Say how many lines of the listing below contain "Portal", giving the number and nothing else.
※ ※ ※
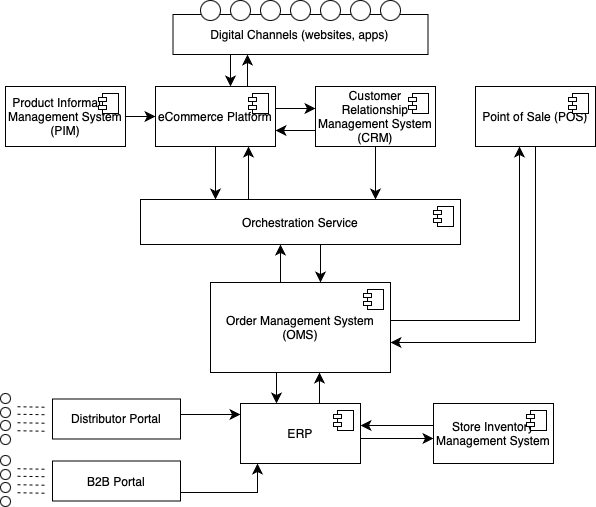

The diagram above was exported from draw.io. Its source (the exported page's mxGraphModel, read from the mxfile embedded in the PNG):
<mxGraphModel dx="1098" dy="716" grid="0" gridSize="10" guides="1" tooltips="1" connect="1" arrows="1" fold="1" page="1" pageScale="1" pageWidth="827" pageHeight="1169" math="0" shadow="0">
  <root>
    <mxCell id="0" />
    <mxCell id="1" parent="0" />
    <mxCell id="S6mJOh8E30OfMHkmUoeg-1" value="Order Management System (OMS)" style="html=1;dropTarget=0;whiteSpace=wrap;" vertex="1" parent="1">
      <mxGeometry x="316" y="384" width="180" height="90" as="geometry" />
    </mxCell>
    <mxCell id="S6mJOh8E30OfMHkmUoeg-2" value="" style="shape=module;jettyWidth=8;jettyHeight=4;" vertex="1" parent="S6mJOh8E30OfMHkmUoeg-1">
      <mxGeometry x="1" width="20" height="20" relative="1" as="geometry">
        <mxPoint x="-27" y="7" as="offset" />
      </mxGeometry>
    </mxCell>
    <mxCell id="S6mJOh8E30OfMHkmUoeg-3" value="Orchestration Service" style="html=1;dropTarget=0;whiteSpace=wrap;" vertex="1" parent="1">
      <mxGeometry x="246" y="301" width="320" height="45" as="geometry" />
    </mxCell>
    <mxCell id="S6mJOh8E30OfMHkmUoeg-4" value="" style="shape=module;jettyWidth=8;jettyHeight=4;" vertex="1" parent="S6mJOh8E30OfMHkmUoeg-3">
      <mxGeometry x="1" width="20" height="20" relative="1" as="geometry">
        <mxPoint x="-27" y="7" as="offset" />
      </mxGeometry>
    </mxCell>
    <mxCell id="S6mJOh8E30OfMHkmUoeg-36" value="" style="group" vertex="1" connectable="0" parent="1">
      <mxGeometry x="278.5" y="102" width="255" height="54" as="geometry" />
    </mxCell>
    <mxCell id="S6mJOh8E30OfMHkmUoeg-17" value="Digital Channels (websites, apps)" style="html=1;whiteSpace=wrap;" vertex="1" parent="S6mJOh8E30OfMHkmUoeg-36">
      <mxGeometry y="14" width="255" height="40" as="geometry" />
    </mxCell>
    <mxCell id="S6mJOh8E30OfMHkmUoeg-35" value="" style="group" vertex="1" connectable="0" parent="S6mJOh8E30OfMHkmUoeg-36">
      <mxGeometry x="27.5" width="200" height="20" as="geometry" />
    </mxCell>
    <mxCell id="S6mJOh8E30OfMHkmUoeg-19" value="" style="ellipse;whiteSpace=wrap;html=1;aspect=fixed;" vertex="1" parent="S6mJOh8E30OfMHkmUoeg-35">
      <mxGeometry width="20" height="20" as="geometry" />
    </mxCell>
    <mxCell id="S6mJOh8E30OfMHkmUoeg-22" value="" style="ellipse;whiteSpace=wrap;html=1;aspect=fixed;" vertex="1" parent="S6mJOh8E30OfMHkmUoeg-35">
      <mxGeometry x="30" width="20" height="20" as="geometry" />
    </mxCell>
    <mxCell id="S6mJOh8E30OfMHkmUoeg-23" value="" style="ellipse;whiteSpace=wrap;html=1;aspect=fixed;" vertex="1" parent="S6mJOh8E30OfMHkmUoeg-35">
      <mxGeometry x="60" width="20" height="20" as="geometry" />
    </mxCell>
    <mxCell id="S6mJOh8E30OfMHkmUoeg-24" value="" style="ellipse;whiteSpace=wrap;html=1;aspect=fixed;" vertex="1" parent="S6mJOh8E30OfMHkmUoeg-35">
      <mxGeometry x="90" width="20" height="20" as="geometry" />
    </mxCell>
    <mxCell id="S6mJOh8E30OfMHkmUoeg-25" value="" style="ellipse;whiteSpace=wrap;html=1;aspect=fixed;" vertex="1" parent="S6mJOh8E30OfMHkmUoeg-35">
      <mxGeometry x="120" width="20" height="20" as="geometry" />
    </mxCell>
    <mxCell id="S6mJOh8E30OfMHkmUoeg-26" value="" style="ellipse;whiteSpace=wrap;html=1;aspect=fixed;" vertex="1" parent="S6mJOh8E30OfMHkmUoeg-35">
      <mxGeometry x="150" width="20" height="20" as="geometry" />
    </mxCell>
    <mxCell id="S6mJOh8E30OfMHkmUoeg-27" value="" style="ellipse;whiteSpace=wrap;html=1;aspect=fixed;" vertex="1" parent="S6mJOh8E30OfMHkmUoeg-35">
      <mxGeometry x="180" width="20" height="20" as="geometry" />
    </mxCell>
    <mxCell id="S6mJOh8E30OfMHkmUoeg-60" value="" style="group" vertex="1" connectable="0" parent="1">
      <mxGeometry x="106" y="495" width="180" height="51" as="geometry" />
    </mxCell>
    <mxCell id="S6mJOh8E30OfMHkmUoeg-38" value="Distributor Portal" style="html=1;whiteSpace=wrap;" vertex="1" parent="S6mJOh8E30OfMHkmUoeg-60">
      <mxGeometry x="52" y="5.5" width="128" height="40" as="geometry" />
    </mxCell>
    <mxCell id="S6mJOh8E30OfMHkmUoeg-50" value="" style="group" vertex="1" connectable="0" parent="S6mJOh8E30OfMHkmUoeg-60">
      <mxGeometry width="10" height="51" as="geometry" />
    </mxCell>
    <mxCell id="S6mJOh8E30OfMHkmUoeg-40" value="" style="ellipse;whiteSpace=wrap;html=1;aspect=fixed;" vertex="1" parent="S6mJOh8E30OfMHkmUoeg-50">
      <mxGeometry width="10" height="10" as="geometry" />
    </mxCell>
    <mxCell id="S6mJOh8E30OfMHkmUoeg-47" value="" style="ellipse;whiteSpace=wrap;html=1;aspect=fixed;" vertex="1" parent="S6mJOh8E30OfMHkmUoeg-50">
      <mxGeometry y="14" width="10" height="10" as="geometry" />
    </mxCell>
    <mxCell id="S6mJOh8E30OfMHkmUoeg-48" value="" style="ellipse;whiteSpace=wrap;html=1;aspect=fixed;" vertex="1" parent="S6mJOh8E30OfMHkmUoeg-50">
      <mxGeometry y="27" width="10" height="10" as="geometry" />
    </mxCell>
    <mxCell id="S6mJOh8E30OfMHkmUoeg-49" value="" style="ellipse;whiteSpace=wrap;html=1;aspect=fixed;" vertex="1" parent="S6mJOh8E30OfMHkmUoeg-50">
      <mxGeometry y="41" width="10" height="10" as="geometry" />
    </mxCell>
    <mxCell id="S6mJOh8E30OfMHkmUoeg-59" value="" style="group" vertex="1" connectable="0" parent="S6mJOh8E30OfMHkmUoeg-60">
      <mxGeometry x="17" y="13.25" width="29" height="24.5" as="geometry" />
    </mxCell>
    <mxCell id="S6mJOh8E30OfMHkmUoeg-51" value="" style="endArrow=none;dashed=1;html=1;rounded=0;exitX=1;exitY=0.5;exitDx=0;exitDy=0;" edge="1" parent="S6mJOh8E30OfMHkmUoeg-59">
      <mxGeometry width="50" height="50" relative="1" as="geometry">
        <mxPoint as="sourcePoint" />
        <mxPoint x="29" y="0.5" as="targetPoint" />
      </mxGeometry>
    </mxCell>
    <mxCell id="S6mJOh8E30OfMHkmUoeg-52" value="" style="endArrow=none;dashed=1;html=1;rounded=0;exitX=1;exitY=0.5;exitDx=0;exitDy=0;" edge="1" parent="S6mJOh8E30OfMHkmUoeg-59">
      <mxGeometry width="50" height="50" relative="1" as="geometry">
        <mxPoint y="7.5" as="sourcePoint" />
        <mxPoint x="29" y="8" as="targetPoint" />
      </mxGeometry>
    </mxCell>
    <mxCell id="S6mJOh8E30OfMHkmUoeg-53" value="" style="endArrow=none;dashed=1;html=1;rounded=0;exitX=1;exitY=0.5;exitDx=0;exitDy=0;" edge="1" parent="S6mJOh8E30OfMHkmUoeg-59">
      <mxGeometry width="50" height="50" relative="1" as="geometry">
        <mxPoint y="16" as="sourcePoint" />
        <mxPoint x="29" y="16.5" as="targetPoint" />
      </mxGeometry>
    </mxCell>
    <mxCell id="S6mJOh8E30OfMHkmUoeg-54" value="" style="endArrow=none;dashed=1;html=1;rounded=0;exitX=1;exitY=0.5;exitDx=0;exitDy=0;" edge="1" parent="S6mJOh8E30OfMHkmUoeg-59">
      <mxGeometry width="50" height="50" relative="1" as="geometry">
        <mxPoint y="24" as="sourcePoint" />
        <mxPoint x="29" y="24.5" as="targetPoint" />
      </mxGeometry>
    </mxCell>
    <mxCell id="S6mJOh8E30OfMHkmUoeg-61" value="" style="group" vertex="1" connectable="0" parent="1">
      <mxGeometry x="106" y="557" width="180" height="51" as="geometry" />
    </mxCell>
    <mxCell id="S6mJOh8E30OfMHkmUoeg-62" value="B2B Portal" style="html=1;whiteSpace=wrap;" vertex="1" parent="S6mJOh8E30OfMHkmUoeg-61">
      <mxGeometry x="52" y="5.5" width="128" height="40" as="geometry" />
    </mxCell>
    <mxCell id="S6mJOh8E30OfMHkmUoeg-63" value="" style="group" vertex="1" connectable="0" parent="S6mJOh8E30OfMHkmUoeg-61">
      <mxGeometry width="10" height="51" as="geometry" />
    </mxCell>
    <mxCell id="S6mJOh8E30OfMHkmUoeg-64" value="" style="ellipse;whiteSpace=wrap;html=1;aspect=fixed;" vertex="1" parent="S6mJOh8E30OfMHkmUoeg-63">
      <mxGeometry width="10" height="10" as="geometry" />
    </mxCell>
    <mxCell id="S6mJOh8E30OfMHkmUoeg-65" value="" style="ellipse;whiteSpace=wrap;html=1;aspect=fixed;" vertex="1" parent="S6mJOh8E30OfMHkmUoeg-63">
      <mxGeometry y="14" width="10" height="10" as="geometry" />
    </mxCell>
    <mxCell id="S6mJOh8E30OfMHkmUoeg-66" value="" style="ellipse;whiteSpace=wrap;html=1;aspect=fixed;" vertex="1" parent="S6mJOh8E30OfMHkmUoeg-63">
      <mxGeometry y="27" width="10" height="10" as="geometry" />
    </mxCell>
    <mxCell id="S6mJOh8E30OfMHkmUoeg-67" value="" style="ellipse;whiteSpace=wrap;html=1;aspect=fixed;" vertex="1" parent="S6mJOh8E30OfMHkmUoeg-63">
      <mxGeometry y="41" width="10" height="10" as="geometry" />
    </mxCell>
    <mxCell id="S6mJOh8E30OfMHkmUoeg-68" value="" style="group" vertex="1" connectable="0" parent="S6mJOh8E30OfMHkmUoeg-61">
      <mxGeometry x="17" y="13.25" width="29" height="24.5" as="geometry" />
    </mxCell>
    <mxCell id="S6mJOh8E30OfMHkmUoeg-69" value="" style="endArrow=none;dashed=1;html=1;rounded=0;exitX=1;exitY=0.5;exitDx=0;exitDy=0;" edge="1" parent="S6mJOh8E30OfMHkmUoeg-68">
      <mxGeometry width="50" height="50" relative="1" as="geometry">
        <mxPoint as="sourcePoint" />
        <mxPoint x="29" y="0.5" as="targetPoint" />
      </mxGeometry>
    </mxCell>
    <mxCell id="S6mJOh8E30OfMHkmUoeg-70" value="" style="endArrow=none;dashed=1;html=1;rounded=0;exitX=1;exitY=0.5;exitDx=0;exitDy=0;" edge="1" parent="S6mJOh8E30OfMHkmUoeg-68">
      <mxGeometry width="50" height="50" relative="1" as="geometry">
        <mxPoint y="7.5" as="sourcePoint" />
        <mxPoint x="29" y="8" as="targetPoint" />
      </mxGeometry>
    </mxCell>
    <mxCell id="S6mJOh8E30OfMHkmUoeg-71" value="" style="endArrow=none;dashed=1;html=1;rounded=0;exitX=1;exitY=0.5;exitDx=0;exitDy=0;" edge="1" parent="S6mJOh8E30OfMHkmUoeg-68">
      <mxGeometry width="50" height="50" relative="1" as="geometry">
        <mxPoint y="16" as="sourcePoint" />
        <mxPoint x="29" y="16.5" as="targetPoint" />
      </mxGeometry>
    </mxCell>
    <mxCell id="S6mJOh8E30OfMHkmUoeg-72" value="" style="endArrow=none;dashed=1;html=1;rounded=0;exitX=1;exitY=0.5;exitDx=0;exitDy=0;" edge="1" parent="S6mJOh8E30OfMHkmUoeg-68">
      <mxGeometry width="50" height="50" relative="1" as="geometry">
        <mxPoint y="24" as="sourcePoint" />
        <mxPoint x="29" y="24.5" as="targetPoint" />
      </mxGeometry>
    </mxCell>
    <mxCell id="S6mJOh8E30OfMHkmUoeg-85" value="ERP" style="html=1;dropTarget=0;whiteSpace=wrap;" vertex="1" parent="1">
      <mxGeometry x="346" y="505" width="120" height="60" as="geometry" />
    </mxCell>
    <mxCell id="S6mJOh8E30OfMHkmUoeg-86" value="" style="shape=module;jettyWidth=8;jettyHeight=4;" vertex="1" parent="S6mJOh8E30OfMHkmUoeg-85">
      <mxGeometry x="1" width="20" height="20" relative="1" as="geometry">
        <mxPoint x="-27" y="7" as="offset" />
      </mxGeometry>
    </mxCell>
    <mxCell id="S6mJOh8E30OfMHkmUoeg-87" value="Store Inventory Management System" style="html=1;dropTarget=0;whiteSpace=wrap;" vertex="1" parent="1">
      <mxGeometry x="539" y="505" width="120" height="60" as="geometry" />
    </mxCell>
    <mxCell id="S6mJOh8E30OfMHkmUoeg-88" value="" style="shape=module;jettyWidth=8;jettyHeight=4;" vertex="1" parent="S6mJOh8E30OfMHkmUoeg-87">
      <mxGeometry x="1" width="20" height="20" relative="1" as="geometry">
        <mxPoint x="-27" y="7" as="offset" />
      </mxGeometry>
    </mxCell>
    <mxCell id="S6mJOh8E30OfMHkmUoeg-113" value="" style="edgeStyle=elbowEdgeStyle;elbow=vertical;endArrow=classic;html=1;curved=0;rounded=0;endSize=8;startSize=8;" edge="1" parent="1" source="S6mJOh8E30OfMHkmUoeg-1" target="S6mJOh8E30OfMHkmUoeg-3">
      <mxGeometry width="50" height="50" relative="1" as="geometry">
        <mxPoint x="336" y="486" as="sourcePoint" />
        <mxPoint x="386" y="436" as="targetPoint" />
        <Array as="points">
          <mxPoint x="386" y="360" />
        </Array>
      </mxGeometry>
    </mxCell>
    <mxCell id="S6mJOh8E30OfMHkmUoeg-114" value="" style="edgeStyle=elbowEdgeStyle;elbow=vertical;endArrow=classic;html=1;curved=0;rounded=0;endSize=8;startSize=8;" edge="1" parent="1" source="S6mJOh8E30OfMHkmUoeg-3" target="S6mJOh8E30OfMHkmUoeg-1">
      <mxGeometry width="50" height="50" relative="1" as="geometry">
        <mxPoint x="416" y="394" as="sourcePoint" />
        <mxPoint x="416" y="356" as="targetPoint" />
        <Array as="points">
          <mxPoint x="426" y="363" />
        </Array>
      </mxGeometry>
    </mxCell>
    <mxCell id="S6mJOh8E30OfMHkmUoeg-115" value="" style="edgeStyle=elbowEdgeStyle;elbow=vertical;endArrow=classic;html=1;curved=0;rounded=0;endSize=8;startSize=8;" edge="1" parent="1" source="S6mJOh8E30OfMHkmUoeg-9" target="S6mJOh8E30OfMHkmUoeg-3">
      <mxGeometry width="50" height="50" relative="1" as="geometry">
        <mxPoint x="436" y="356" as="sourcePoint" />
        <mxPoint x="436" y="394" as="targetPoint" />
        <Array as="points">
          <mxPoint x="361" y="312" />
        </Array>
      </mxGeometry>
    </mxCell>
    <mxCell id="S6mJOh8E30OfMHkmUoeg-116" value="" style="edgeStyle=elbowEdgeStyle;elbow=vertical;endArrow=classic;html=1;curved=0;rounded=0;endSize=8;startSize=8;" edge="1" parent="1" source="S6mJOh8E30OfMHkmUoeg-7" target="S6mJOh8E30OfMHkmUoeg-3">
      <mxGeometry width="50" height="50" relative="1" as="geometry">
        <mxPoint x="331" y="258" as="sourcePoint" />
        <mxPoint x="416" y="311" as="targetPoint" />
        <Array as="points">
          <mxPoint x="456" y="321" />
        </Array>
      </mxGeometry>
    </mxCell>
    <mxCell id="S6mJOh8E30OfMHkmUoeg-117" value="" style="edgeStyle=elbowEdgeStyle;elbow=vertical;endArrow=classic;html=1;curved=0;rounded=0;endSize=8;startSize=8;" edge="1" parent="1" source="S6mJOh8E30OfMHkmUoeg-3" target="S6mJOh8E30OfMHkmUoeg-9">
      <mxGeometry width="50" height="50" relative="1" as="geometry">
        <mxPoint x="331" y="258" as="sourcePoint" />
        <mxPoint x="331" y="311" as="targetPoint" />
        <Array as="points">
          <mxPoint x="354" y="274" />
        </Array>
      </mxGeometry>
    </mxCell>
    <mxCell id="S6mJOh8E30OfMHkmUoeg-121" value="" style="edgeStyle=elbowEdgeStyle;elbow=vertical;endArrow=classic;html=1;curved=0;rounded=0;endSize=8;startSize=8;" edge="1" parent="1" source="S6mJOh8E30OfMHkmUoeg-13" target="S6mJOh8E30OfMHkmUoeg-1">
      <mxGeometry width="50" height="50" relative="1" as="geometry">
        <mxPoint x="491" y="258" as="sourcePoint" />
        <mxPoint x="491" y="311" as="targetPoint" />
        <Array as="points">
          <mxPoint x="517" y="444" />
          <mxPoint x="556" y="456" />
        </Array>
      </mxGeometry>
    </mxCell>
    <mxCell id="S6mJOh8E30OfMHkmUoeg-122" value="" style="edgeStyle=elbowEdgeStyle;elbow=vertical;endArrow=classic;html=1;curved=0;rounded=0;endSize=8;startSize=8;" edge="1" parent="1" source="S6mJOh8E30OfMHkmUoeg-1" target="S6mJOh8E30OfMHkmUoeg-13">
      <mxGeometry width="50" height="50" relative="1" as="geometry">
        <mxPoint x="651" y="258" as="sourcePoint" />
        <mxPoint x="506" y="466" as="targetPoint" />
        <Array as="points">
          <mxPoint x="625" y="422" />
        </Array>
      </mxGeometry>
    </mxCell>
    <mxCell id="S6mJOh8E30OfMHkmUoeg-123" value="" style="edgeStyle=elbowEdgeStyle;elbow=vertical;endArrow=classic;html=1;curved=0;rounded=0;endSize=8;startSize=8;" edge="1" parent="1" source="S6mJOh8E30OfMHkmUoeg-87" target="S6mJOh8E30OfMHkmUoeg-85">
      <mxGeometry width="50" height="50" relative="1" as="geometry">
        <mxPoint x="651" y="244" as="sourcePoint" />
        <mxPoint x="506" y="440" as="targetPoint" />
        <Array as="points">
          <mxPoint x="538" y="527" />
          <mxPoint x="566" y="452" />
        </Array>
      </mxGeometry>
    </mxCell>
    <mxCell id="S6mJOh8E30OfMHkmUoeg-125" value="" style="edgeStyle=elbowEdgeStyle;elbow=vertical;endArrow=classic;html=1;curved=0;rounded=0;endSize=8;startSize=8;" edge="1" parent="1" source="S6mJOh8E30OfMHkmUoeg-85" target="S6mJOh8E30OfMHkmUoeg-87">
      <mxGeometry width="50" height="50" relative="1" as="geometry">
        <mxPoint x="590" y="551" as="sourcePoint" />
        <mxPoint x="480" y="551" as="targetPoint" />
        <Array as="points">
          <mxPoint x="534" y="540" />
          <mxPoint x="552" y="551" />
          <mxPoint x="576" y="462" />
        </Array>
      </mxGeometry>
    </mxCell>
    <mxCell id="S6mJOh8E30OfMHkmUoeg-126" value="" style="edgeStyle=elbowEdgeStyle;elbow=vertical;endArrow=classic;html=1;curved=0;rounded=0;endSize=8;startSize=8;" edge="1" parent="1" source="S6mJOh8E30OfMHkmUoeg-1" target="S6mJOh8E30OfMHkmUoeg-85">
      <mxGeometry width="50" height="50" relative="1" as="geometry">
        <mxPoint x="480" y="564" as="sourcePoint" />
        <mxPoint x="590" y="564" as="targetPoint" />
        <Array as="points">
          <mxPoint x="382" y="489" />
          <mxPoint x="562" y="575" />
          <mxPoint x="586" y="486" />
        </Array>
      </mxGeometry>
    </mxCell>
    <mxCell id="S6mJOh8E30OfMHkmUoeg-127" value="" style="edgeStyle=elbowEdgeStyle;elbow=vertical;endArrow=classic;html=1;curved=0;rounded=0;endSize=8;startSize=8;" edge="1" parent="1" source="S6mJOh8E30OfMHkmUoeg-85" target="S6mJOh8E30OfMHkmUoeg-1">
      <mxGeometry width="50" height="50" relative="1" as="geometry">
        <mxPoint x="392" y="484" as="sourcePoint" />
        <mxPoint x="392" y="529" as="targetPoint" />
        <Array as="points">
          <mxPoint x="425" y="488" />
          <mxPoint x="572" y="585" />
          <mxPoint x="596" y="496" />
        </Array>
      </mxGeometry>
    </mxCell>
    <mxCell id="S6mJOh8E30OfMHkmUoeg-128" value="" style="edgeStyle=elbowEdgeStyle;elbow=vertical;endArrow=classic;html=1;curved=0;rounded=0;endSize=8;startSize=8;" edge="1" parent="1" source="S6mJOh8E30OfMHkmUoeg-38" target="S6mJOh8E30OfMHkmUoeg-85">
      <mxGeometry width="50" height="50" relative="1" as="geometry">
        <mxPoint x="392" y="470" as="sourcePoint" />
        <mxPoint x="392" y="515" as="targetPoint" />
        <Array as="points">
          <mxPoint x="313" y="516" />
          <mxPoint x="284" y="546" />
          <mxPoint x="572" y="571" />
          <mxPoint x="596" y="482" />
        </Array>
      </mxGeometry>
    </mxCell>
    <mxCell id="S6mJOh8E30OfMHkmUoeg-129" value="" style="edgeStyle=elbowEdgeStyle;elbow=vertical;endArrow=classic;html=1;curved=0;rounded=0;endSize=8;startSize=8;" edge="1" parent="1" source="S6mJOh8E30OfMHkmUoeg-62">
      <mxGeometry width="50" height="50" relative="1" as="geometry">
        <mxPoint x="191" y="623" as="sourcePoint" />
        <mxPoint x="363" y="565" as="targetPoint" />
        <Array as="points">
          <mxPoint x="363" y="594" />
※ ※ ※
__Result__: 2